**Dataset excerpts**
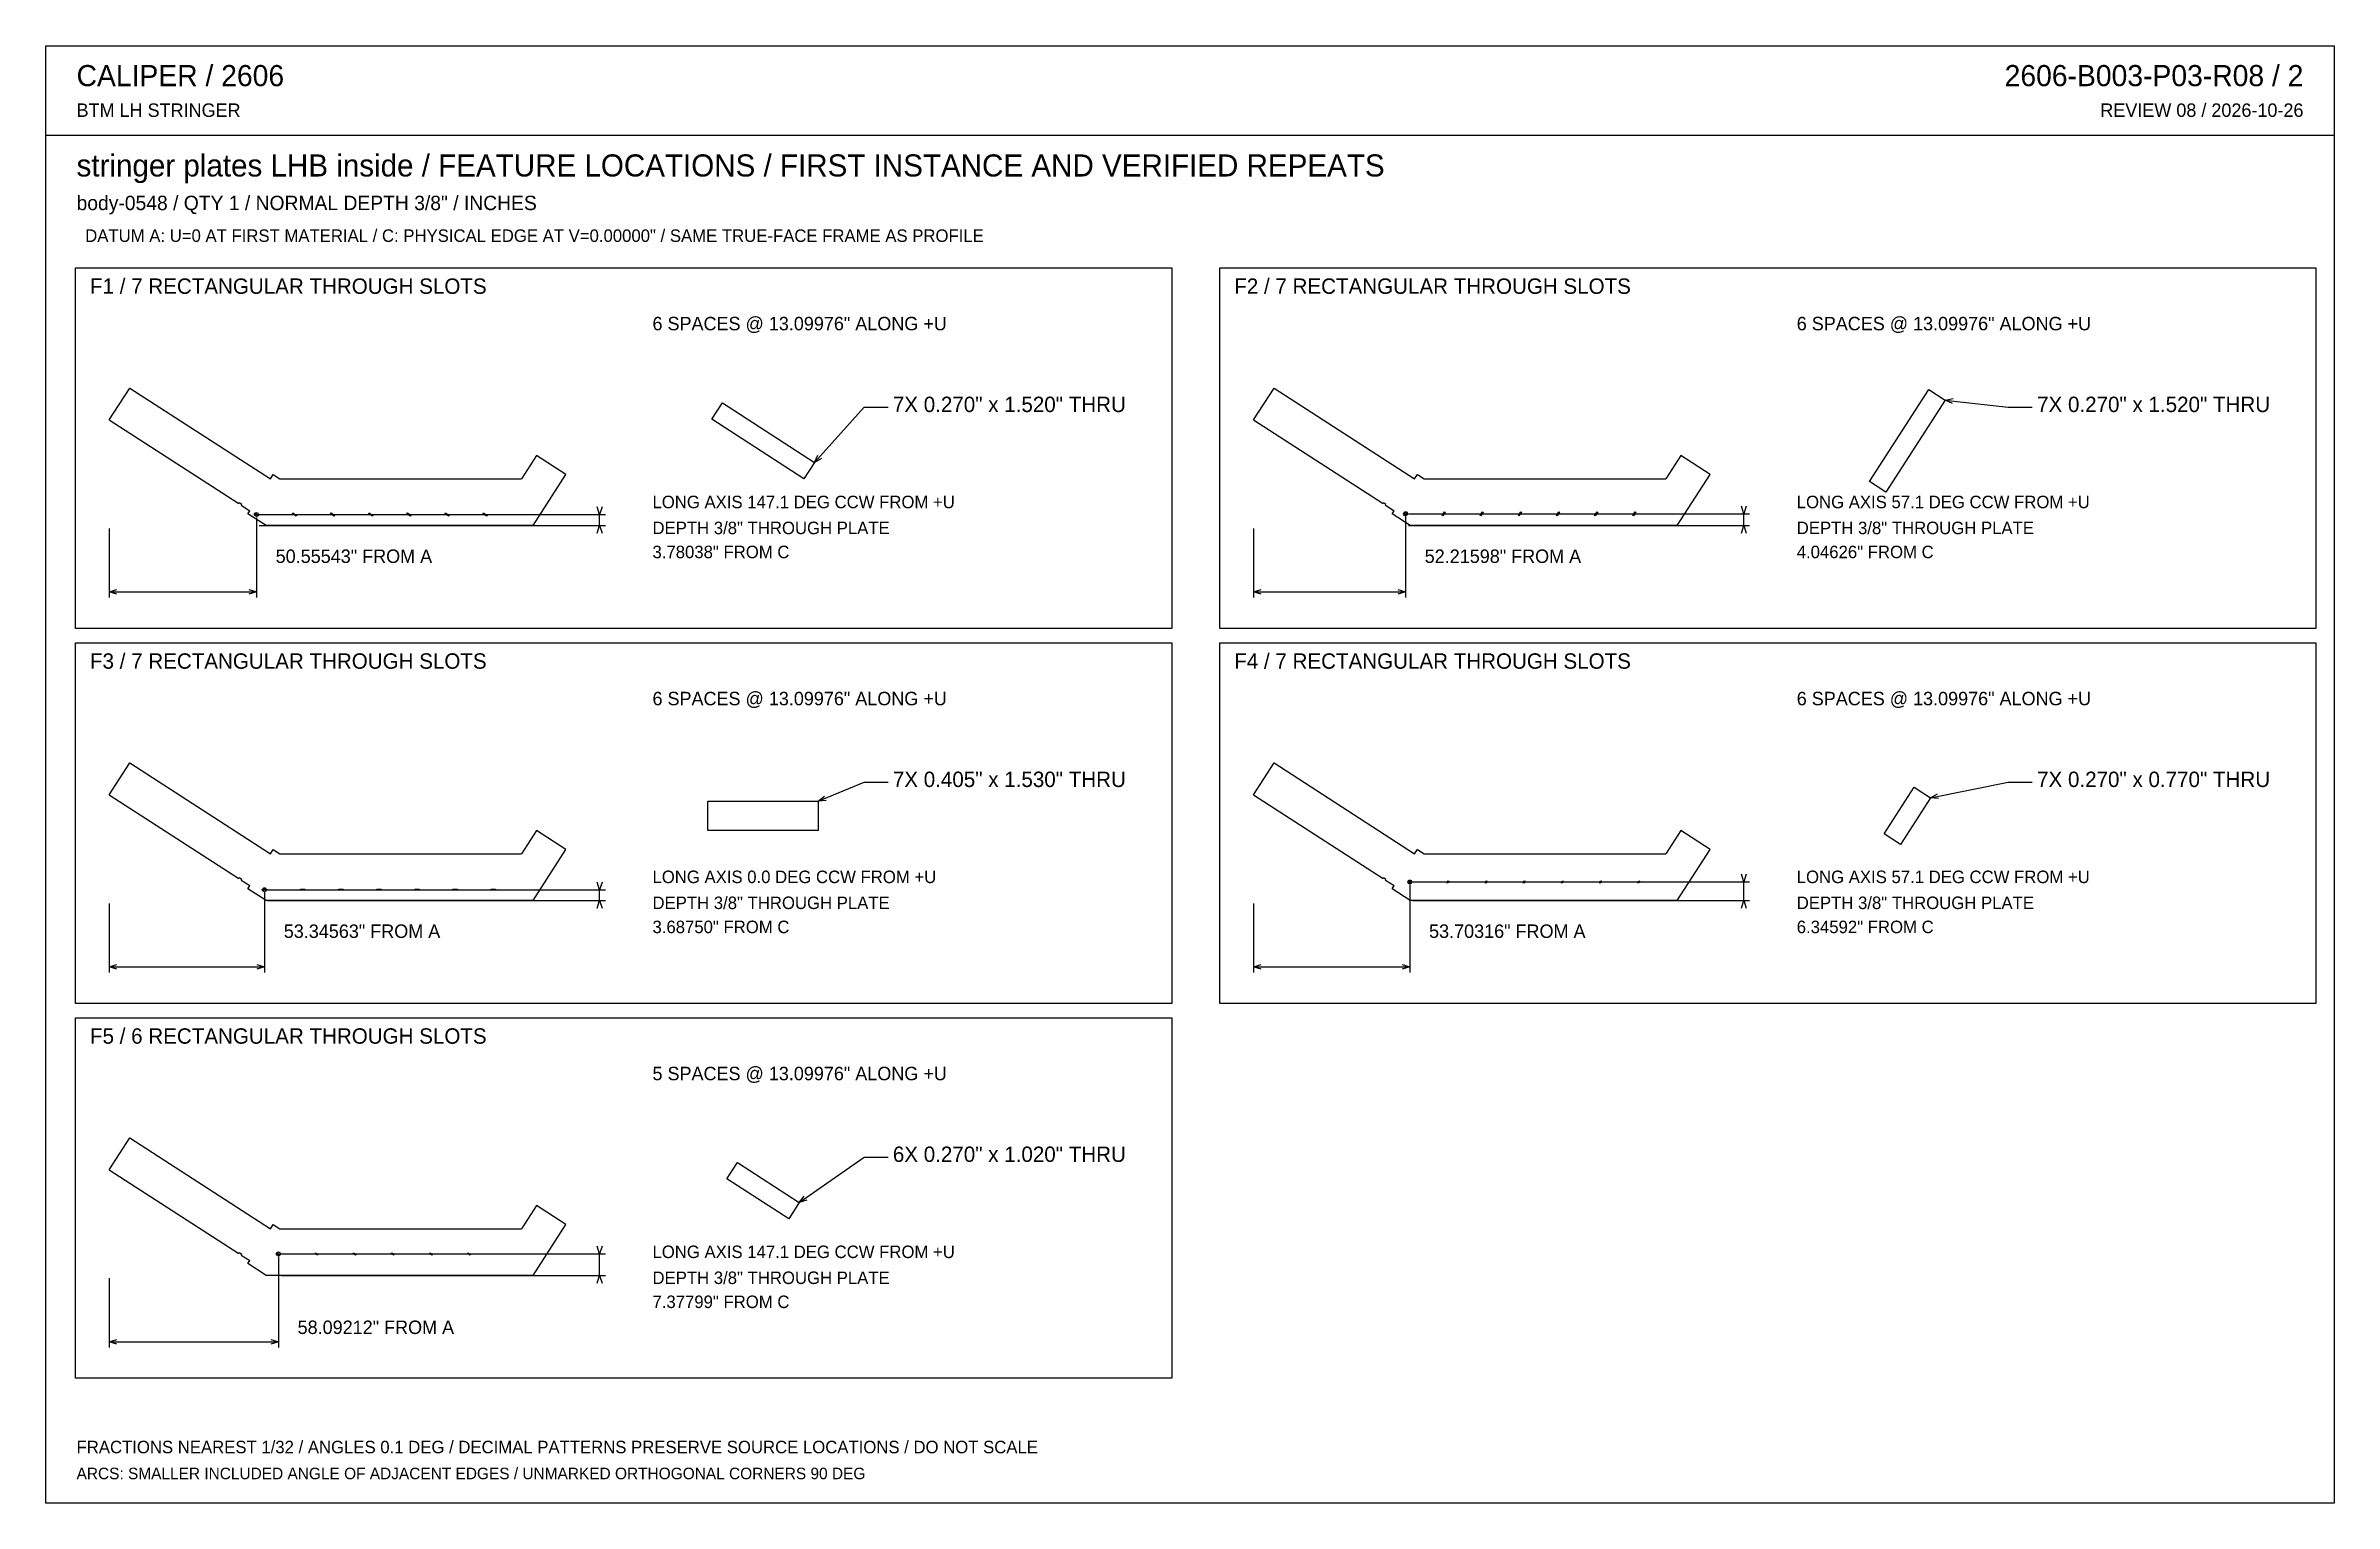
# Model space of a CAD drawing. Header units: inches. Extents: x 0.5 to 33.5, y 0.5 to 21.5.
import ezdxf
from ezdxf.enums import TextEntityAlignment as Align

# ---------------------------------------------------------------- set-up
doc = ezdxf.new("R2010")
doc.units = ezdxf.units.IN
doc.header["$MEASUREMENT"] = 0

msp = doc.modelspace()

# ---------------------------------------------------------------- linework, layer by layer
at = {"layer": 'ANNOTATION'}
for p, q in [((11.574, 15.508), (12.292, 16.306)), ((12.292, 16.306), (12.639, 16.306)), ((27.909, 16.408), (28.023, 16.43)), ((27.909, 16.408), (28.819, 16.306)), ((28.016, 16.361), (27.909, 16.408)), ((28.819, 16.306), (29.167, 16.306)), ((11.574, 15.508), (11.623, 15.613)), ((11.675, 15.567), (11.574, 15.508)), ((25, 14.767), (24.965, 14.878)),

**PROBLEM TO SOLVE**
In your copy, reproduce the data above exactly and skip every picture.

**OUTPUT FOR THIS TASK**
# Model space of a CAD drawing. Header units: inches. Extents: x 0.5 to 33.5, y 0.5 to 21.5.
import ezdxf
from ezdxf.enums import TextEntityAlignment as Align

# ---------------------------------------------------------------- set-up
doc = ezdxf.new("R2010")
doc.units = ezdxf.units.IN
doc.header["$MEASUREMENT"] = 0

msp = doc.modelspace()

# ---------------------------------------------------------------- linework, layer by layer
at = {"layer": 'ANNOTATION'}
for p, q in [((11.574, 15.508), (12.292, 16.306)), ((12.292, 16.306), (12.639, 16.306)), ((27.909, 16.408), (28.023, 16.43)), ((27.909, 16.408), (28.819, 16.306)), ((28.016, 16.361), (27.909, 16.408)), ((28.819, 16.306), (29.167, 16.306)), ((11.574, 15.508), (11.623, 15.613)), ((11.675, 15.567), (11.574, 15.508)), ((25, 14.767), (24.965, 14.878)),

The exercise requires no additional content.